What is needed: Where the records hold the string "extrude", show the whole line it sits on.
(Working data begins)
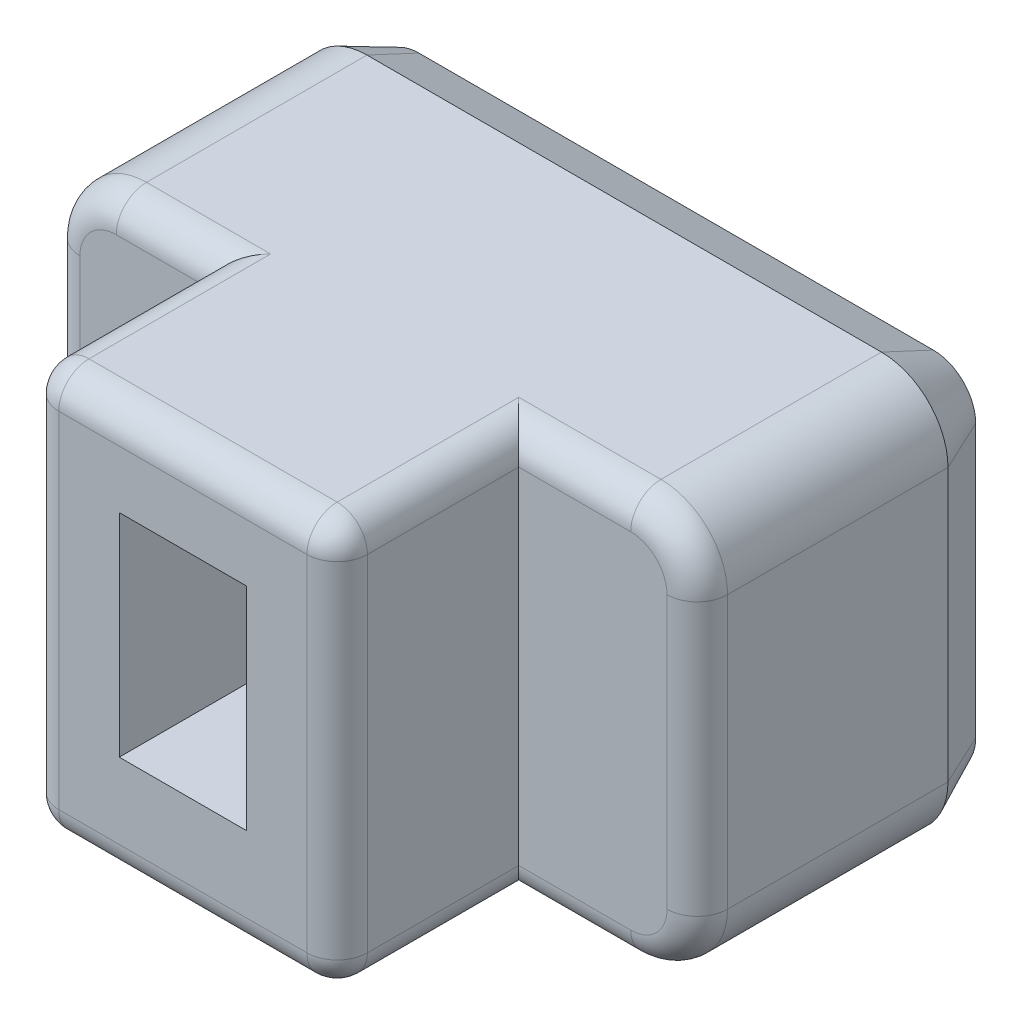
from build123d import *

# Parameters (mm, degrees)
BOSS_EXTRU_1_DEPTH      = 8
ESQUISSE3_W             = 2.1
ESQUISSE3_H             = 3.5
ENL_V_MAT_EXTRU_1_DEPTH = 3
ESQUISSE4_OUTSIDE_W     = 15.69
ESQUISSE4_OUTSIDE_H     = 11.69
ESQUISSE4_OUTSIDE_W_2   = 5.1
ESQUISSE4_OUTSIDE_H_2   = 6.7
ENL_V_MAT_EXTRU_2_DEPTH = 3
CONG_1_R                = 0.5
CHANFREIN1_SIZE         = 0.4
CHANFREIN1_SIZE2        = 0.857802768
ENL_V_MAT_EXTRU_3_DEPTH = 0.3
BOSS_EXTRU_2_START      = -0.2
BOSS_EXTRU_2_DEPTH      = 0.2
BOSS_EXTRU_2_2_DEPTH    = 0.2
BOSS_EXTRU_2_3_DEPTH    = 0.2


with BuildPart() as part:
    # Esquisse2 → Boss.-Extru.1 (new body)
    with BuildSketch(Plane.XY):
        with BuildLine():
            Line((1.1, 0), (9.6, 0))
            ThreePointArc((9.6, 0), (10.377817459, 0.322182541), (10.7, 1.1))
            Line((10.7, 1.1), (10.7, 5.6))
            ThreePointArc((10.7, 5.6), (10.377817459, 6.377817459), (9.6, 6.7))
            Line((9.6, 6.7), (1.1, 6.7))
            ThreePointArc((1.1, 6.7), (0.322182541, 6.377817459), (0, 5.6))
            Line((0, 5.6), (0, 1.1))
            ThreePointArc((0, 1.1), (0.322182541, 0.322182541), (1.1, 0))
        make_face()
    extrude(amount=BOSS_EXTRU_1_DEPTH)

    # Esquisse3 → Enlèv. mat.-Extru.1 (cut)
    with BuildSketch(Plane.XY.offset(8)):
        with Locations((5.2, 3.5)):
            Rectangle(ESQUISSE3_W, ESQUISSE3_H)
    extrude(amount=-ENL_V_MAT_EXTRU_1_DEPTH, mode=Mode.SUBTRACT)

    # Esquisse4 outside → Enlèv. mat.-Extru.2 (cut)
    with BuildSketch(Plane.XY.offset(8)):
        with Locations((5.35, 3.35)):
            Rectangle(ESQUISSE4_OUTSIDE_W, ESQUISSE4_OUTSIDE_H)
        with Locations((5.2, 3.35)):
            Rectangle(ESQUISSE4_OUTSIDE_W_2, ESQUISSE4_OUTSIDE_H_2, mode=Mode.SUBTRACT)
    extrude(amount=-ENL_V_MAT_EXTRU_2_DEPTH, mode=Mode.SUBTRACT)

    # Congé1
    cong_1_edges = [part.edges().sort_by_distance(p)[0] for p in [
        (8.675, 0, 5),
        (10.377817459, 0.322182541, 5),
        (10.7, 3.35, 5),
        (10.377817459, 6.377817459, 5),
        (1.875, 6.7, 5),
        (0.322182541, 6.377817459, 5),
        (1.875, 0, 5),
        (0.322182541, 0.322182541, 5),
        (7.75, 6.7, 6.5),
        (2.65, 6.7, 6.5),
        (7.75, 0, 6.5),
        (2.65, 0, 6.5),
        (2.65, 3.35, 8),
        (5.2, 6.7, 8),
        (7.75, 3.35, 8),
        (5.2, 0, 8),
        (8.675, 6.7, 5),
        (0, 3.35, 5),
    ]]
    fillet(cong_1_edges, radius=CONG_1_R)

    # Chanfrein1
    chanfrein1_edges = [part.edges().sort_by_distance(p)[0] for p in [
        (5.35, 0, 0),
        (10.377817459, 0.322182541, 0),
        (0.322182541, 0.322182541, 0),
        (10.7, 3.35, 0),
        (0, 3.35, 0),
        (10.377817459, 6.377817459, 0),
        (0.322182541, 6.377817459, 0),
        (5.35, 6.7, 0),
    ]]
    chanfrein1_side = [part.faces().sort_by_distance(p)[0] for p in [
        (5.35, 3.35, 0),
    ]]
    chamfer(chanfrein1_edges, length=CHANFREIN1_SIZE, length2=CHANFREIN1_SIZE2, reference=chanfrein1_side[0])

    # Esquisse5 → Enlèv. mat.-Extru.3 (cut)
    # profile 1 of 3: a face of its own
    with BuildSketch(Plane.XY.offset(0.2)):
        Polygon((2.715926417, 1.356639893), (4.049259751, 5.356639893), (3.714323853, 5.356639893), (3.28724052, 4.074588611), (2.093330264, 4.074588611), (1.66624693, 5.356639893), (1.331311033, 5.356639893), (2.664644366, 1.356639893), align=None)
        Polygon((2.690285392, 2.284524508), (2.230349494, 3.6643322), (3.150221289, 3.6643322), align=None, mode=Mode.SUBTRACT)
    # profile 2 of 3: a face of its own
    with BuildSketch(Plane.XY.offset(0.2)):
        with BuildLine():
            Line((4.715926417, 1.356639893), (5.336920007, 1.356639893))
            add(Edge.make_bspline(
                [(5.336920007, 1.356639893), (5.379658103, 1.356696636), (5.461408584, 1.356805175), (5.578672447, 1.360274287), (5.685010084, 1.364829513), (5.780641294, 1.37131342), (5.865472388, 1.378686813), (5.939417023, 1.389474867), (6.002893824, 1.400386425), (6.04078812, 1.411614353), (6.058073853, 1.416736047)],
                knots=[0, 0, 0, 0, 1.41329272, 2.703381044, 3.879352496, 4.932840985, 5.873286362, 6.69398654, 7.404253327, 8, 8, 8, 8], degree=3))
            add(Edge.make_bspline(
                [(6.058073853, 1.416736047), (6.080161933, 1.424286398), (6.123860694, 1.439223913), (6.186059247, 1.469742784), (6.245528717, 1.504773951), (6.301851746, 1.546170424), (6.355388277, 1.592314499), (6.405695827, 1.644425317), (6.4527659, 1.702099596), (6.496797869, 1.765095768), (6.536168906, 1.833486184), (6.570128529, 1.90632743), (6.600631829, 1.982749499), (6.623293653, 2.064313431), (6.641586034, 2.149696923), (6.655417136, 2.239282449), (6.663480934, 2.332984484), (6.66425161, 2.396955332), (6.664644366, 2.429556559)],
                knots=[0, 0, 0, 0, 0.884482799, 1.749848896, 2.621947624, 3.499266614, 4.396934619, 5.299561366, 6.242497396, 7.217586033, 8.211436111, 9.230972356, 10.263708326, 11.328149876, 12.436788748, 13.574299448, 14.763799138, 16, 16, 16, 16], degree=3))
            add(Edge.make_bspline(
                [(6.664644366, 2.429556559), (6.664290673, 2.462429803), (6.663599415, 2.526677392), (6.655040801, 2.620804797), (6.642814036, 2.710586622), (6.624028261, 2.795879568), (6.60103623, 2.876811166), (6.572913837, 2.953535426), (6.539445591, 3.025825184), (6.499892499, 3.092982229), (6.456604208, 3.155735172), (6.409427108, 3.213609836), (6.357926364, 3.265913677), (6.302467958, 3.312722651), (6.242762209, 3.353343116), (6.179978258, 3.390133534), (6.112577177, 3.420288462), (6.065679184, 3.436574637), (6.042048212, 3.444780918)],
                knots=[0, 0, 0, 0, 1.230348438, 2.404597596, 3.535952481, 4.620603023, 5.671397407, 6.683805958, 7.676968664, 8.649426021, 9.598095933, 10.528942615, 11.441124898, 12.342499997, 13.24120863, 14.141695784, 15.06363722, 16, 16, 16, 16], degree=3))
            add(Edge.make_bspline(
                [(6.042048212, 3.444780918), (6.022339918, 3.450092946), (5.979511345, 3.461636643), (5.908823474, 3.474893412), (5.826666462, 3.485649394), (5.73320292, 3.495680545), (5.627803443, 3.501034621), (5.511126875, 3.507233793), (5.382875076, 3.510202155), (5.293651547, 3.510388817), (5.247176417, 3.510486047)],
                knots=[0, 0, 0, 0, 0.612388924, 1.330797261, 2.156047033, 3.098784286, 4.150775458, 5.322387776, 6.605273988, 8, 8, 8, 8], degree=3))
            Line((5.247176417, 3.510486047), (5.023618725, 3.510486047))
            Line((5.023618725, 3.510486047), (5.023618725, 5.356639893))
            Line((5.023618725, 5.356639893), (4.715926417, 5.356639893))
            Line((4.715926417, 5.356639893), (4.715926417, 1.356639893))
        make_face()
        with BuildLine():
            Line((5.023618725, 1.766896303), (5.023618725, 3.100229636))
            Line((5.023618725, 3.100229636), (5.558875135, 3.109043739))
            add(Edge.make_bspline(
                [(5.558875135, 3.109043739), (5.58505921, 3.109067086), (5.635592476, 3.109112145), (5.708768449, 3.104468801), (5.776457827, 3.099447953), (5.838743122, 3.091273821), (5.895556357, 3.081253356), (5.946991259, 3.067971645), (5.993630479, 3.054571169), (6.047016398, 3.030404811), (6.107174467, 2.994993623), (6.171374474, 2.9407707), (6.226320092, 2.874412807), (6.273381616, 2.798340229), (6.311105934, 2.714318731), (6.337049093, 2.624149394), (6.353804151, 2.52926651), (6.355887034, 2.464351584), (6.356952058, 2.431159123)],
                knots=[0, 0, 0, 0, 1.041889711, 2.010767563, 2.917459415, 3.742918794, 4.510266019, 5.211588092, 5.857195523, 6.437923133, 7.53914018, 8.625373984, 9.764675209, 10.953539484, 12.176517443, 13.417794654, 14.679660394, 16, 16, 16, 16], degree=3))
            add(Edge.make_bspline(
                [(6.356952058, 2.431159123), (6.355838313, 2.399039931), (6.353633917, 2.335467551), (6.337193315, 2.24239174), (6.310829583, 2.153138152), (6.27324056, 2.06985344), (6.22767662, 1.993874149), (6.173334102, 1.928969097), (6.112816446, 1.875419123), (6.056103113, 1.839514239), (6.004878723, 1.819002388), (5.961295839, 1.803866365), (5.911626033, 1.793639145), (5.856627394, 1.783751954), (5.79620738, 1.775858998), (5.729905109, 1.770318786), (5.658265892, 1.767153092), (5.608557807, 1.766983694), (5.582913597, 1.766896303)],
                knots=[0, 0, 0, 0, 1.310700347, 2.594222759, 3.846471066, 5.100853847, 6.314529516, 7.452362497, 8.541722804, 9.60395051, 10.170956782, 10.791621451, 11.48468842, 12.237615023, 13.073459376, 13.970836629, 14.953162401, 16, 16, 16, 16], degree=3))
            Line((5.582913597, 1.766896303), (5.023618725, 1.766896303))
        make_face(mode=Mode.SUBTRACT)
    # profile 3 of 3: a face of its own
    with BuildSketch(Plane.XY.offset(0.2)):
        with BuildLine():
            Line((7.280028981, 1.356639893), (7.901022571, 1.356639893))
            add(Edge.make_bspline(
                [(7.901022571, 1.356639893), (7.942421803, 1.356813621), (8.021755746, 1.357146539), (8.13585327, 1.359104556), (8.239449968, 1.364479114), (8.332790263, 1.369222879), (8.415260527, 1.377804995), (8.487573776, 1.385906574), (8.54944043, 1.396817021), (8.586703386, 1.406636008), (8.60374693, 1.411127072)],
                knots=[0, 0, 0, 0, 1.406291012, 2.694895705, 3.875596585, 4.929939196, 5.86881668, 6.691431991, 7.401479668, 8, 8, 8, 8], degree=3))
            add(Edge.make_bspline(
                [(8.60374693, 1.411127072), (8.626348359, 1.418428314), (8.671598389, 1.433046038), (8.736210516, 1.46286216), (8.797595388, 1.498696692), (8.856421005, 1.539177196), (8.910914398, 1.587041789), (8.962311423, 1.640360733), (9.011343323, 1.69860091), (9.056203816, 1.763055522), (9.096690403, 1.832154913), (9.132286828, 1.9054881), (9.161825317, 1.983084396), (9.18674628, 2.064083165), (9.205033851, 2.149419581), (9.218391485, 2.238264035), (9.227850333, 2.331064541), (9.228445117, 2.394275862), (9.22874693, 2.426351431)],
                knots=[0, 0, 0, 0, 0.890159445, 1.782176851, 2.661847792, 3.553865198, 4.455671456, 5.376579952, 6.329510008, 7.307692435, 8.31786882, 9.330376746, 10.36095783, 11.428835377, 12.505555716, 13.63040485, 14.79758702, 16, 16, 16, 16], degree=3))
            add(Edge.make_bspline(
                [(9.22874693, 2.426351431), (9.227507374, 2.479585552), (9.225097381, 2.583085428), (9.202218208, 2.733381187), (9.164497091, 2.873658567), (9.112972652, 3.003826255), (9.046558386, 3.121306556), (8.966601235, 3.224172472), (8.874065718, 3.31220369), (8.785990447, 3.372432668), (8.708089424, 3.411355683), (8.644719041, 3.438398436), (8.575191109, 3.459383296), (8.500917514, 3.477967155), (8.421139545, 3.492294901), (8.336330461, 3.502502476), (8.246208795, 3.509042475), (8.184420897, 3.509995582), (8.152625135, 3.510486047)],
                knots=[0, 0, 0, 0, 1.4629789, 2.844381281, 4.168060411, 5.450008344, 6.683409462, 7.866022178, 9.019310308, 10.182424534, 10.783479041, 11.412251156, 12.074243506, 12.777826466, 13.516816875, 14.301129003, 15.125768982, 16, 16, 16, 16], degree=3))
            Line((8.152625135, 3.510486047), (9.280028981, 5.356639893))
            Line((9.280028981, 5.356639893), (8.888202058, 5.356639893))
            Line((8.888202058, 5.356639893), (7.760798212, 3.510486047))
            Line((7.760798212, 3.510486047), (7.587721289, 3.510486047))
            Line((7.587721289, 3.510486047), (7.587721289, 5.356639893))
            Line((7.587721289, 5.356639893), (7.280028981, 5.356639893))
            Line((7.280028981, 5.356639893), (7.280028981, 1.356639893))
        make_face()
        with BuildLine():
            Line((7.587721289, 1.766896303), (7.587721289, 3.100229636))
            Line((7.587721289, 3.100229636), (8.131791802, 3.105838611))
            add(Edge.make_bspline(
                [(8.131791802, 3.105838611), (8.181243372, 3.105003235), (8.273150697, 3.103450663), (8.401119194, 3.090161011), (8.50894315, 3.068473752), (8.59818295, 3.034902158), (8.672708416, 2.990811383), (8.736191612, 2.935370529), (8.792662136, 2.869723746), (8.838017413, 2.792739243), (8.875107882, 2.708571743), (8.901187347, 2.618549669), (8.917897244, 2.523655081), (8.919986394, 2.458741779), (8.921054623, 2.425550149)],
                knots=[0, 0, 0, 0, 1.484367149, 2.7587438, 3.858219379, 4.777130865, 5.607825064, 6.443728638, 7.29703089, 8.19649044, 9.115786766, 10.05213422, 11.004012465, 12, 12, 12, 12], degree=3))
            add(Edge.make_bspline(
                [(8.921054623, 2.425550149), (8.91995352, 2.393429835), (8.917783172, 2.330118533), (8.901306087, 2.237566534), (8.874887649, 2.149136382), (8.83756915, 2.066752424), (8.791540405, 1.992094465), (8.737471515, 1.928385397), (8.677445372, 1.875124486), (8.621123518, 1.839875137), (8.570187262, 1.818640345), (8.52639651, 1.804070943), (8.476294906, 1.793498225), (8.420975419, 1.783863762), (8.360052084, 1.775783408), (8.293468409, 1.770367626), (8.221034433, 1.767120369), (8.170791212, 1.766973058), (8.144612315, 1.766896303)],
                knots=[0, 0, 0, 0, 1.313137682, 2.588282835, 3.832400214, 5.079152676, 6.276491617, 7.408087164, 8.484055822, 9.548258813, 10.106251373, 10.738443295, 11.432799069, 12.197886161, 13.035284822, 13.945215938, 14.92936841, 16, 16, 16, 16], degree=3))
            Line((8.144612315, 1.766896303), (7.587721289, 1.766896303))
        make_face(mode=Mode.SUBTRACT)
    extrude(amount=-ENL_V_MAT_EXTRU_3_DEPTH, mode=Mode.SUBTRACT)


with BuildPart() as body_2:
    # Esquisse5<3> → Boss.-Extru.2 (new body)
    with BuildSketch(Plane.XY.offset(0.2).offset(BOSS_EXTRU_2_START)):
        Polygon((2.715926417, 1.356639893), (4.049259751, 5.356639893), (3.714323853, 5.356639893), (3.28724052, 4.074588611), (2.093330264, 4.074588611), (1.66624693, 5.356639893), (1.331311033, 5.356639893), (2.664644366, 1.356639893), align=None)
        Polygon((2.690285392, 2.284524508), (2.230349494, 3.6643322), (3.150221289, 3.6643322), align=None, mode=Mode.SUBTRACT)
    extrude(amount=-BOSS_EXTRU_2_DEPTH)


with BuildPart() as body_3:
    # Esquisse5<3> → Boss.-Extru.2 2 (new body)
    with BuildSketch(Plane.XY.offset(0.2).offset(BOSS_EXTRU_2_START)):
        with BuildLine():
            Line((4.715926417, 1.356639893), (5.336920007, 1.356639893))
            add(Edge.make_bspline(
                [(5.336920007, 1.356639893), (5.379658103, 1.356696636), (5.461408584, 1.356805175), (5.578672447, 1.360274287), (5.685010084, 1.364829513), (5.780641294, 1.37131342), (5.865472388, 1.378686813), (5.939417023, 1.389474867), (6.002893824, 1.400386425), (6.04078812, 1.411614353), (6.058073853, 1.416736047)],
                knots=[0, 0, 0, 0, 1.41329272, 2.703381044, 3.879352496, 4.932840985, 5.873286362, 6.69398654, 7.404253327, 8, 8, 8, 8], degree=3))
            add(Edge.make_bspline(
                [(6.058073853, 1.416736047), (6.080161933, 1.424286398), (6.123860694, 1.439223913), (6.186059247, 1.469742784), (6.245528717, 1.504773951), (6.301851746, 1.546170424), (6.355388277, 1.592314499), (6.405695827, 1.644425317), (6.4527659, 1.702099596), (6.496797869, 1.765095768), (6.536168906, 1.833486184), (6.570128529, 1.90632743), (6.600631829, 1.982749499), (6.623293653, 2.064313431), (6.641586034, 2.149696923), (6.655417136, 2.239282449), (6.663480934, 2.332984484), (6.66425161, 2.396955332), (6.664644366, 2.429556559)],
                knots=[0, 0, 0, 0, 0.884482799, 1.749848896, 2.621947624, 3.499266614, 4.396934619, 5.299561366, 6.242497396, 7.217586033, 8.211436111, 9.230972356, 10.263708326, 11.328149876, 12.436788748, 13.574299448, 14.763799138, 16, 16, 16, 16], degree=3))
            add(Edge.make_bspline(
                [(6.664644366, 2.429556559), (6.664290673, 2.462429803), (6.663599415, 2.526677392), (6.655040801, 2.620804797), (6.642814036, 2.710586622), (6.624028261, 2.795879568), (6.60103623, 2.876811166), (6.572913837, 2.953535426), (6.539445591, 3.025825184), (6.499892499, 3.092982229), (6.456604208, 3.155735172), (6.409427108, 3.213609836), (6.357926364, 3.265913677), (6.302467958, 3.312722651), (6.242762209, 3.353343116), (6.179978258, 3.390133534), (6.112577177, 3.420288462), (6.065679184, 3.436574637), (6.042048212, 3.444780918)],
                knots=[0, 0, 0, 0, 1.230348438, 2.404597596, 3.535952481, 4.620603023, 5.671397407, 6.683805958, 7.676968664, 8.649426021, 9.598095933, 10.528942615, 11.441124898, 12.342499997, 13.24120863, 14.141695784, 15.06363722, 16, 16, 16, 16], degree=3))
            add(Edge.make_bspline(
                [(6.042048212, 3.444780918), (6.022339918, 3.450092946), (5.979511345, 3.461636643), (5.908823474, 3.474893412), (5.826666462, 3.485649394), (5.73320292, 3.495680545), (5.627803443, 3.501034621), (5.511126875, 3.507233793), (5.382875076, 3.510202155), (5.293651547, 3.510388817), (5.247176417, 3.510486047)],
                knots=[0, 0, 0, 0, 0.612388924, 1.330797261, 2.156047033, 3.098784286, 4.150775458, 5.322387776, 6.605273988, 8, 8, 8, 8], degree=3))
            Line((5.247176417, 3.510486047), (5.023618725, 3.510486047))
            Line((5.023618725, 3.510486047), (5.023618725, 5.356639893))
            Line((5.023618725, 5.356639893), (4.715926417, 5.356639893))
            Line((4.715926417, 5.356639893), (4.715926417, 1.356639893))
        make_face()
        with BuildLine():
            Line((5.023618725, 1.766896303), (5.023618725, 3.100229636))
            Line((5.023618725, 3.100229636), (5.558875135, 3.109043739))
            add(Edge.make_bspline(
                [(5.558875135, 3.109043739), (5.58505921, 3.109067086), (5.635592476, 3.109112145), (5.708768449, 3.104468801), (5.776457827, 3.099447953), (5.838743122, 3.091273821), (5.895556357, 3.081253356), (5.946991259, 3.067971645), (5.993630479, 3.054571169), (6.047016398, 3.030404811), (6.107174467, 2.994993623), (6.171374474, 2.9407707), (6.226320092, 2.874412807), (6.273381616, 2.798340229), (6.311105934, 2.714318731), (6.337049093, 2.624149394), (6.353804151, 2.52926651), (6.355887034, 2.464351584), (6.356952058, 2.431159123)],
                knots=[0, 0, 0, 0, 1.041889711, 2.010767563, 2.917459415, 3.742918794, 4.510266019, 5.211588092, 5.857195523, 6.437923133, 7.53914018, 8.625373984, 9.764675209, 10.953539484, 12.176517443, 13.417794654, 14.679660394, 16, 16, 16, 16], degree=3))
            add(Edge.make_bspline(
                [(6.356952058, 2.431159123), (6.355838313, 2.399039931), (6.353633917, 2.335467551), (6.337193315, 2.24239174), (6.310829583, 2.153138152), (6.27324056, 2.06985344), (6.22767662, 1.993874149), (6.173334102, 1.928969097), (6.112816446, 1.875419123), (6.056103113, 1.839514239), (6.004878723, 1.819002388), (5.961295839, 1.803866365), (5.911626033, 1.793639145), (5.856627394, 1.783751954), (5.79620738, 1.775858998), (5.729905109, 1.770318786), (5.658265892, 1.767153092), (5.608557807, 1.766983694), (5.582913597, 1.766896303)],
                knots=[0, 0, 0, 0, 1.310700347, 2.594222759, 3.846471066, 5.100853847, 6.314529516, 7.452362497, 8.541722804, 9.60395051, 10.170956782, 10.791621451, 11.48468842, 12.237615023, 13.073459376, 13.970836629, 14.953162401, 16, 16, 16, 16], degree=3))
            Line((5.582913597, 1.766896303), (5.023618725, 1.766896303))
        make_face(mode=Mode.SUBTRACT)
    extrude(amount=-BOSS_EXTRU_2_2_DEPTH)


with BuildPart() as body_4:
    # Esquisse5<3> → Boss.-Extru.2 3 (new body)
    with BuildSketch(Plane.XY.offset(0.2).offset(BOSS_EXTRU_2_START)):
        with BuildLine():
            Line((7.280028981, 1.356639893), (7.901022571, 1.356639893))
            add(Edge.make_bspline(
                [(7.901022571, 1.356639893), (7.942421803, 1.356813621), (8.021755746, 1.357146539), (8.13585327, 1.359104556), (8.239449968, 1.364479114), (8.332790263, 1.369222879), (8.415260527, 1.377804995), (8.487573776, 1.385906574), (8.54944043, 1.396817021), (8.586703386, 1.406636008), (8.60374693, 1.411127072)],
                knots=[0, 0, 0, 0, 1.406291012, 2.694895705, 3.875596585, 4.929939196, 5.86881668, 6.691431991, 7.401479668, 8, 8, 8, 8], degree=3))
            add(Edge.make_bspline(
                [(8.60374693, 1.411127072), (8.626348359, 1.418428314), (8.671598389, 1.433046038), (8.736210516, 1.46286216), (8.797595388, 1.498696692), (8.856421005, 1.539177196), (8.910914398, 1.587041789), (8.962311423, 1.640360733), (9.011343323, 1.69860091), (9.056203816, 1.763055522), (9.096690403, 1.832154913), (9.132286828, 1.9054881), (9.161825317, 1.983084396), (9.18674628, 2.064083165), (9.205033851, 2.149419581), (9.218391485, 2.238264035), (9.227850333, 2.331064541), (9.228445117, 2.394275862), (9.22874693, 2.426351431)],
                knots=[0, 0, 0, 0, 0.890159445, 1.782176851, 2.661847792, 3.553865198, 4.455671456, 5.376579952, 6.329510008, 7.307692435, 8.31786882, 9.330376746, 10.36095783, 11.428835377, 12.505555716, 13.63040485, 14.79758702, 16, 16, 16, 16], degree=3))
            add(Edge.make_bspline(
(Working data ends)
Your solution:
    extrude(amount=BOSS_EXTRU_1_DEPTH)
    extrude(amount=-ENL_V_MAT_EXTRU_1_DEPTH, mode=Mode.SUBTRACT)
    extrude(amount=-ENL_V_MAT_EXTRU_2_DEPTH, mode=Mode.SUBTRACT)
    extrude(amount=-ENL_V_MAT_EXTRU_3_DEPTH, mode=Mode.SUBTRACT)
    extrude(amount=-BOSS_EXTRU_2_DEPTH)
    extrude(amount=-BOSS_EXTRU_2_2_DEPTH)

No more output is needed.